■ Problem to work on ■
The response must contain every line below in which "units" appears.

┌────────

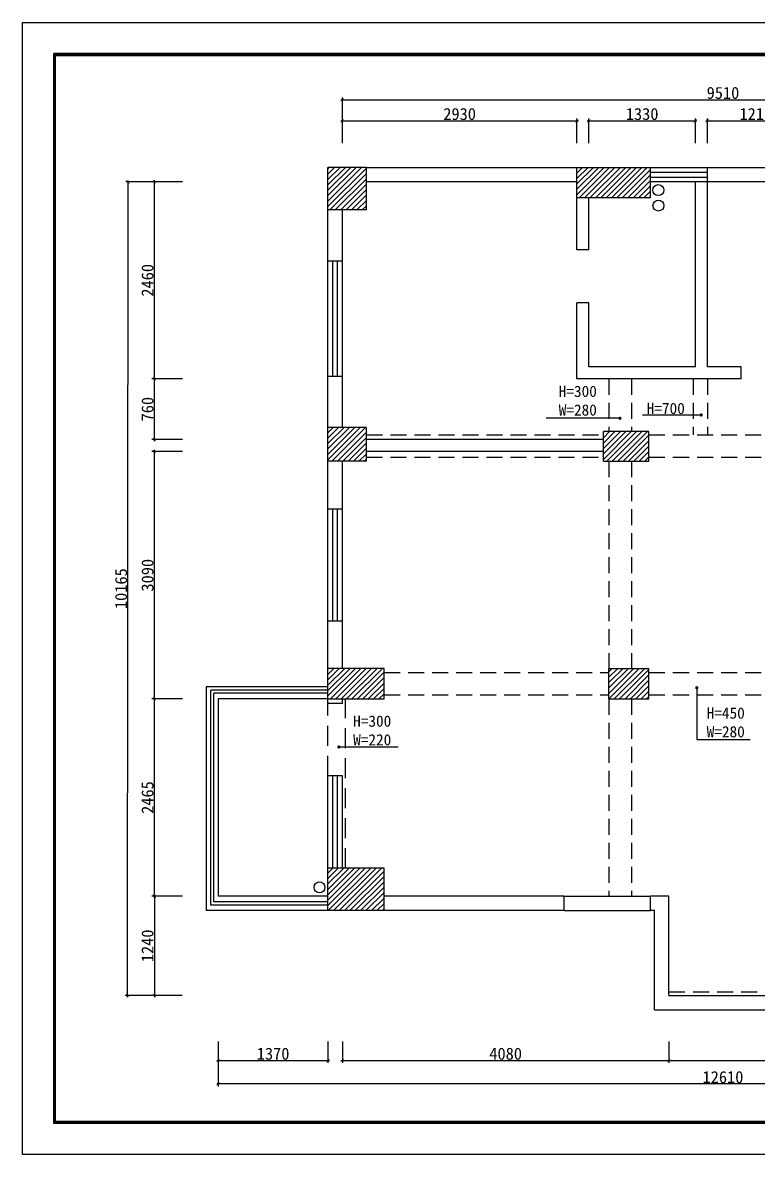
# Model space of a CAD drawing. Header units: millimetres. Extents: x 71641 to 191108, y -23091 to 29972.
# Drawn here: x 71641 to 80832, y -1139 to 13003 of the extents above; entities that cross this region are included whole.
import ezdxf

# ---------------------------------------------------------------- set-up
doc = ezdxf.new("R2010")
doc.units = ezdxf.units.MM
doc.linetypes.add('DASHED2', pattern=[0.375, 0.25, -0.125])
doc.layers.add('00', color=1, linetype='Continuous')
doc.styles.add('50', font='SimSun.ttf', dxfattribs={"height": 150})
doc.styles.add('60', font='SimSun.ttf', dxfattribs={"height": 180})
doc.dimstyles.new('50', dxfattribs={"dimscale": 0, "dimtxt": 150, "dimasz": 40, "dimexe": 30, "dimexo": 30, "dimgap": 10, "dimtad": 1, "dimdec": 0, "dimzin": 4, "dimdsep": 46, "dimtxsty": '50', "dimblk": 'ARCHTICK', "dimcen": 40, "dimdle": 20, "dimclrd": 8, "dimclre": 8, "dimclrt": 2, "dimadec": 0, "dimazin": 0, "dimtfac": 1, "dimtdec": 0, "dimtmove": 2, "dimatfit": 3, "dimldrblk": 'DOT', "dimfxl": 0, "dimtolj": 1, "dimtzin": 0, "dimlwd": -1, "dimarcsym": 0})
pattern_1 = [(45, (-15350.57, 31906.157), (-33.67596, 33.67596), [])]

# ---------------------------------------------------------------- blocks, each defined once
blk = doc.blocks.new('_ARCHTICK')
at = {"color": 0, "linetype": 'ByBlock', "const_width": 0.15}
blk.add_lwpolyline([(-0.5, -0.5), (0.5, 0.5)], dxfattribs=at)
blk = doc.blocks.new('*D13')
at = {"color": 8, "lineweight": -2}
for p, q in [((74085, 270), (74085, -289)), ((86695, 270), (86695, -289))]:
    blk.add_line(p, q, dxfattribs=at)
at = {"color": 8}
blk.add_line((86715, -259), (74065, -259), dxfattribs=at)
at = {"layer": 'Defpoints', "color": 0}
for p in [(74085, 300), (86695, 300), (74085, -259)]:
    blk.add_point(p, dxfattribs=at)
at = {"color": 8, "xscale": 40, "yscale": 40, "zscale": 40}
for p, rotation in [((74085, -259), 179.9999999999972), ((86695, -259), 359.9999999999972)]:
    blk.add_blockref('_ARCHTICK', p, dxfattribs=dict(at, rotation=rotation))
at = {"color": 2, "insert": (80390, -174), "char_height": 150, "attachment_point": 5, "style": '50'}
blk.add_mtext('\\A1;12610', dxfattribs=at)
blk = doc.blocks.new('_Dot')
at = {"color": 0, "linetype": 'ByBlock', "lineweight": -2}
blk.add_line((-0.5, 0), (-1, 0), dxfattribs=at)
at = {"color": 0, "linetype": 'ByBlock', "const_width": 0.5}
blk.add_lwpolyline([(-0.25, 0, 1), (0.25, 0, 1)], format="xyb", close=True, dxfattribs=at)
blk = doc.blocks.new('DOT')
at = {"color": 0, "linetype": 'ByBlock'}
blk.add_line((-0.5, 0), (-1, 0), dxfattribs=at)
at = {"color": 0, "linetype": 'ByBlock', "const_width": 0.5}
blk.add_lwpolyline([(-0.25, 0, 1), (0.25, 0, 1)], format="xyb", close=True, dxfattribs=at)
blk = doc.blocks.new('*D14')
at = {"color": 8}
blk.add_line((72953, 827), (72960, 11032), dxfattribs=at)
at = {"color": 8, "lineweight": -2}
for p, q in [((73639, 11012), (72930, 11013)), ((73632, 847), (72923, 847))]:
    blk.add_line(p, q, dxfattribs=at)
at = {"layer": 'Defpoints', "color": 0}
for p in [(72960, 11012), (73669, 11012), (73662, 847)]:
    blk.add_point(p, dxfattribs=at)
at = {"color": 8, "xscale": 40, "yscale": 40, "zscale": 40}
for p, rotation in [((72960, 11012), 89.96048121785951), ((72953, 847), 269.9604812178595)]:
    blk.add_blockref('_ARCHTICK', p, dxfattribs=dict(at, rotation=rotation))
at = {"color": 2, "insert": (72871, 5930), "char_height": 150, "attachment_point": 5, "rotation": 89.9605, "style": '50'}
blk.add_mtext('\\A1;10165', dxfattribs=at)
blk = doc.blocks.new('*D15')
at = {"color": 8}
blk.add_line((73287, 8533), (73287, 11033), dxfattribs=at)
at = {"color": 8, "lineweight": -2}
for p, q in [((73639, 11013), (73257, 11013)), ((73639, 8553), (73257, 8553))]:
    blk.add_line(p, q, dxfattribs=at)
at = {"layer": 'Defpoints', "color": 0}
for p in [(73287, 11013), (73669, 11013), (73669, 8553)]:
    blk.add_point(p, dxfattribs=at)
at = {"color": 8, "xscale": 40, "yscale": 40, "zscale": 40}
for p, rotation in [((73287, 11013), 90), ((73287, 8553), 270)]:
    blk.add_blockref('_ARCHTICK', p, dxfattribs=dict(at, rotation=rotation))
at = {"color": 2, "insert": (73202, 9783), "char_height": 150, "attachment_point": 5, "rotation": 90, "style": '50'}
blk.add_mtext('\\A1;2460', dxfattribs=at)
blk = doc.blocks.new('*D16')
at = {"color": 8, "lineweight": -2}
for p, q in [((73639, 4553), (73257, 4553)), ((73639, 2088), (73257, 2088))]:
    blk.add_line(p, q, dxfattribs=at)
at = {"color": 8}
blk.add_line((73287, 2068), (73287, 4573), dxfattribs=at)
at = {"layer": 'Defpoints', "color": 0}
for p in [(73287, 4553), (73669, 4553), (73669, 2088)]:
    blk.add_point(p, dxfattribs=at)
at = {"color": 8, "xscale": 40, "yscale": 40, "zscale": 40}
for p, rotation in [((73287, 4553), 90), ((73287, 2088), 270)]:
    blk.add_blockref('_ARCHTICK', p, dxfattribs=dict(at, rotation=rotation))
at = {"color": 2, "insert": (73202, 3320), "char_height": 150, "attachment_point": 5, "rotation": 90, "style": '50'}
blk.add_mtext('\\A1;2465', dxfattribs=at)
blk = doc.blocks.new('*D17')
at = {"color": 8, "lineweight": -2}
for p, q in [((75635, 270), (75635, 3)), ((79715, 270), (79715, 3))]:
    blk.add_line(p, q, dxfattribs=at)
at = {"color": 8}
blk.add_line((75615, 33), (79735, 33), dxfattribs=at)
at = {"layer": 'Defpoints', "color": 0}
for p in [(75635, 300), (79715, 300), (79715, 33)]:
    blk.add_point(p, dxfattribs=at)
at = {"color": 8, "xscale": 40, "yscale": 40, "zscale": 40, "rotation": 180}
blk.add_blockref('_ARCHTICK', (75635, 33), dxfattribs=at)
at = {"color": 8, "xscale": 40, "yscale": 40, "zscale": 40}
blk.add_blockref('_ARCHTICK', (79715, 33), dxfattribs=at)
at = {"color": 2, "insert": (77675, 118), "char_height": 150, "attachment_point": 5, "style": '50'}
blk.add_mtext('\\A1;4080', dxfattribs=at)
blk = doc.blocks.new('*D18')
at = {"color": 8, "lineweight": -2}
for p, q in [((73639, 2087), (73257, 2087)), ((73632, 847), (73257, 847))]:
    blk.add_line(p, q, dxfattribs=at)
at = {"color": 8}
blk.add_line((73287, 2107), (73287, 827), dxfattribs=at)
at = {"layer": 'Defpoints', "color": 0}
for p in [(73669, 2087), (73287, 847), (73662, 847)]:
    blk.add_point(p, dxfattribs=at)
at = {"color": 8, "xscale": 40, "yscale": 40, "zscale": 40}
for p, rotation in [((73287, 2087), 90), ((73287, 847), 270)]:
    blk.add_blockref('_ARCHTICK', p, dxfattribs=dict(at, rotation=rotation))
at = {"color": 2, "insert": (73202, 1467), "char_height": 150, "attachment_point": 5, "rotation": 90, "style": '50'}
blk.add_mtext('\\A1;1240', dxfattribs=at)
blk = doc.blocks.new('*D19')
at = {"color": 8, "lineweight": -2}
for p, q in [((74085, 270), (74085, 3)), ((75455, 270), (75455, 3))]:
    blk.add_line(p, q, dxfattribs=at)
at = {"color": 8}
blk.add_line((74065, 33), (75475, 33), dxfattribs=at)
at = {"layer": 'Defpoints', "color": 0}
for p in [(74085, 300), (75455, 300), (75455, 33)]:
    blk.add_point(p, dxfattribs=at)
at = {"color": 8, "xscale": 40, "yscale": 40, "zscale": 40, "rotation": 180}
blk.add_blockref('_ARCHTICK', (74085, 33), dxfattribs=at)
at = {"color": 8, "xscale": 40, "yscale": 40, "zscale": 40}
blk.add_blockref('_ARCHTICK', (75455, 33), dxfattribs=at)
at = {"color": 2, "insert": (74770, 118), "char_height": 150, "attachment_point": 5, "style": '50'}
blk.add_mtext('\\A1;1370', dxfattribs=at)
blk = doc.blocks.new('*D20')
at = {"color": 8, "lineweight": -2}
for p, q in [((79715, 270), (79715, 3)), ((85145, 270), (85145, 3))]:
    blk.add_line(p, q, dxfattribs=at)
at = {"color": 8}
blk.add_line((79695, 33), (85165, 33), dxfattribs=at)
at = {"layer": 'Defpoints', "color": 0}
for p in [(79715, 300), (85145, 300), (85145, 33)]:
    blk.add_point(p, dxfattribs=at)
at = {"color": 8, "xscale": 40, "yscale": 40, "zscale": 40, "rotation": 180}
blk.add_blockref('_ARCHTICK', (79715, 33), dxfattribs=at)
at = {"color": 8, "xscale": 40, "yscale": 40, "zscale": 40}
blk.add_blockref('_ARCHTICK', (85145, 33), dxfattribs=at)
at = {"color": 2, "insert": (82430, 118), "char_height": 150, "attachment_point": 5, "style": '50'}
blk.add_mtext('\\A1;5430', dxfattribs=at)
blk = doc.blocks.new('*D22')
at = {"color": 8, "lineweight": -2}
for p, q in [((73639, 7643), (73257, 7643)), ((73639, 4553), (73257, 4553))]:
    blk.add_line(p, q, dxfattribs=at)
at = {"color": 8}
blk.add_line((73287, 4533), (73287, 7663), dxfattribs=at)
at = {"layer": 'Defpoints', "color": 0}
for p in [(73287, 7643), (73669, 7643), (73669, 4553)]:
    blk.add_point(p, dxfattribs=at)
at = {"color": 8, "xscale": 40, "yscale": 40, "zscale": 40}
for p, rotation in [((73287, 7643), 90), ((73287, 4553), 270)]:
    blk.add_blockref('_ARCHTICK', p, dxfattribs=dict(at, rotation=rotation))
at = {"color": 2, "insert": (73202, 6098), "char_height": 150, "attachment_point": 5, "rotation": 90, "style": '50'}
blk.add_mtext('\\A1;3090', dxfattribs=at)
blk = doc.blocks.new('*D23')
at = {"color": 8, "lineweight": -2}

└────────

■ Written solution ■
# Model space of a CAD drawing. Header units: millimetres. Extents: x 71641 to 191108, y -23091 to 29972.
doc.units = ezdxf.units.MM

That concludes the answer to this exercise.